God’s idea of glory is not the human idea of glory. God’s definition of sin is not the human definition of sin. Compared to his standard, we simply do not measure up.

But here’s the thing. When the Day of the Lord comes, when the day of judgment is upon us, it is not we who will be held to that standard. It is Christ who will be. The son, perfectly obedient to the Father, even unto death and the grave, who will stand in our stead. In the end, we will not get what we deserve. We will get what he deserved.

And we’ve seen what that is. On the third day, Christ rose again from the grave. His reward, our reward, is resurrection from the dead and life eternal. We don’t deserve that. We deserve just about anything BUT that. But that’s what we get. That’s grace. That’s mercy. That’s God’s gift, and it is a gift, something given without merit.

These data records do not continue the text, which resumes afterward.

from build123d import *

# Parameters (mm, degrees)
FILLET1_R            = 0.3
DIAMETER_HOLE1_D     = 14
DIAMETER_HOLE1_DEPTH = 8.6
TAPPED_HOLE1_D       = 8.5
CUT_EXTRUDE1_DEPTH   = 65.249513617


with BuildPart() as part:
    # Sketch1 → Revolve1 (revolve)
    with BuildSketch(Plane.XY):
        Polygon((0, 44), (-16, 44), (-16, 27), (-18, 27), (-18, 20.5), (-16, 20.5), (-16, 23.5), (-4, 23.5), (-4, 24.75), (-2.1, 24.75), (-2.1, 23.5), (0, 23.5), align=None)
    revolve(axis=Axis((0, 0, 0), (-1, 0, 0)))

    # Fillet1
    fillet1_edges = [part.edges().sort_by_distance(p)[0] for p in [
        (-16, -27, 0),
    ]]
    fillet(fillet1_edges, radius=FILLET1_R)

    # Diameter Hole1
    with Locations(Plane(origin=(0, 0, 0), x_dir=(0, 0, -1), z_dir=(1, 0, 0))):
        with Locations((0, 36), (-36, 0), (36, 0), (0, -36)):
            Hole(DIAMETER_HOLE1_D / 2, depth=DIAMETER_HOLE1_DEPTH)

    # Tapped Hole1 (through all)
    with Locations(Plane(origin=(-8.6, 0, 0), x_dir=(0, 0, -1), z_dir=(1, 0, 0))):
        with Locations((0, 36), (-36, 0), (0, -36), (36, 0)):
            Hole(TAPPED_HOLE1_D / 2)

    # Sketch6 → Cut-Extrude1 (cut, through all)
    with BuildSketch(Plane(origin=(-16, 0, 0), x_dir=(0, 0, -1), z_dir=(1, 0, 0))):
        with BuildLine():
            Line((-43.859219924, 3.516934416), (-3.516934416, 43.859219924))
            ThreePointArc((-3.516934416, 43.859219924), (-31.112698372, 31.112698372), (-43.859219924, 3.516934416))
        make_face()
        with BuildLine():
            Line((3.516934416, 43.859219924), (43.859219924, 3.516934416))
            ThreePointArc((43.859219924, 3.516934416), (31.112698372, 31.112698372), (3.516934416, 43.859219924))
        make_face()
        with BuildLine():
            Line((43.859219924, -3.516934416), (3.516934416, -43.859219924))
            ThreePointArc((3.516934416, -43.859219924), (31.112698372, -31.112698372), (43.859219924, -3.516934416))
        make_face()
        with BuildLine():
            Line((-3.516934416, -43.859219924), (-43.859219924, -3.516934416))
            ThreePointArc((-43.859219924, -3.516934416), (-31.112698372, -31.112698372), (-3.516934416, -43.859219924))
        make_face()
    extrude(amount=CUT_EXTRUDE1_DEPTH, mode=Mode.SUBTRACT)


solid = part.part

When I realize that, when I realize how much I receive that I truly do not deserve, I’m dumbfounded. I’m dumbfounded. I’m astonished and I’m also motivated. I’ve been given far more than I deserve. I’ve got more than I need, God’s abundance is overflowing. It’s freeing. It’s liberating. And then I look to the world at all those still in bondage to the evils of this world and I ask myself “What am I going to do about that?” God’s given so much. I can share. You can share. And from his mercy to us, justice can roll down like waters upon them and we can take a few steps to set the world right. Not enough, but a start. Amen.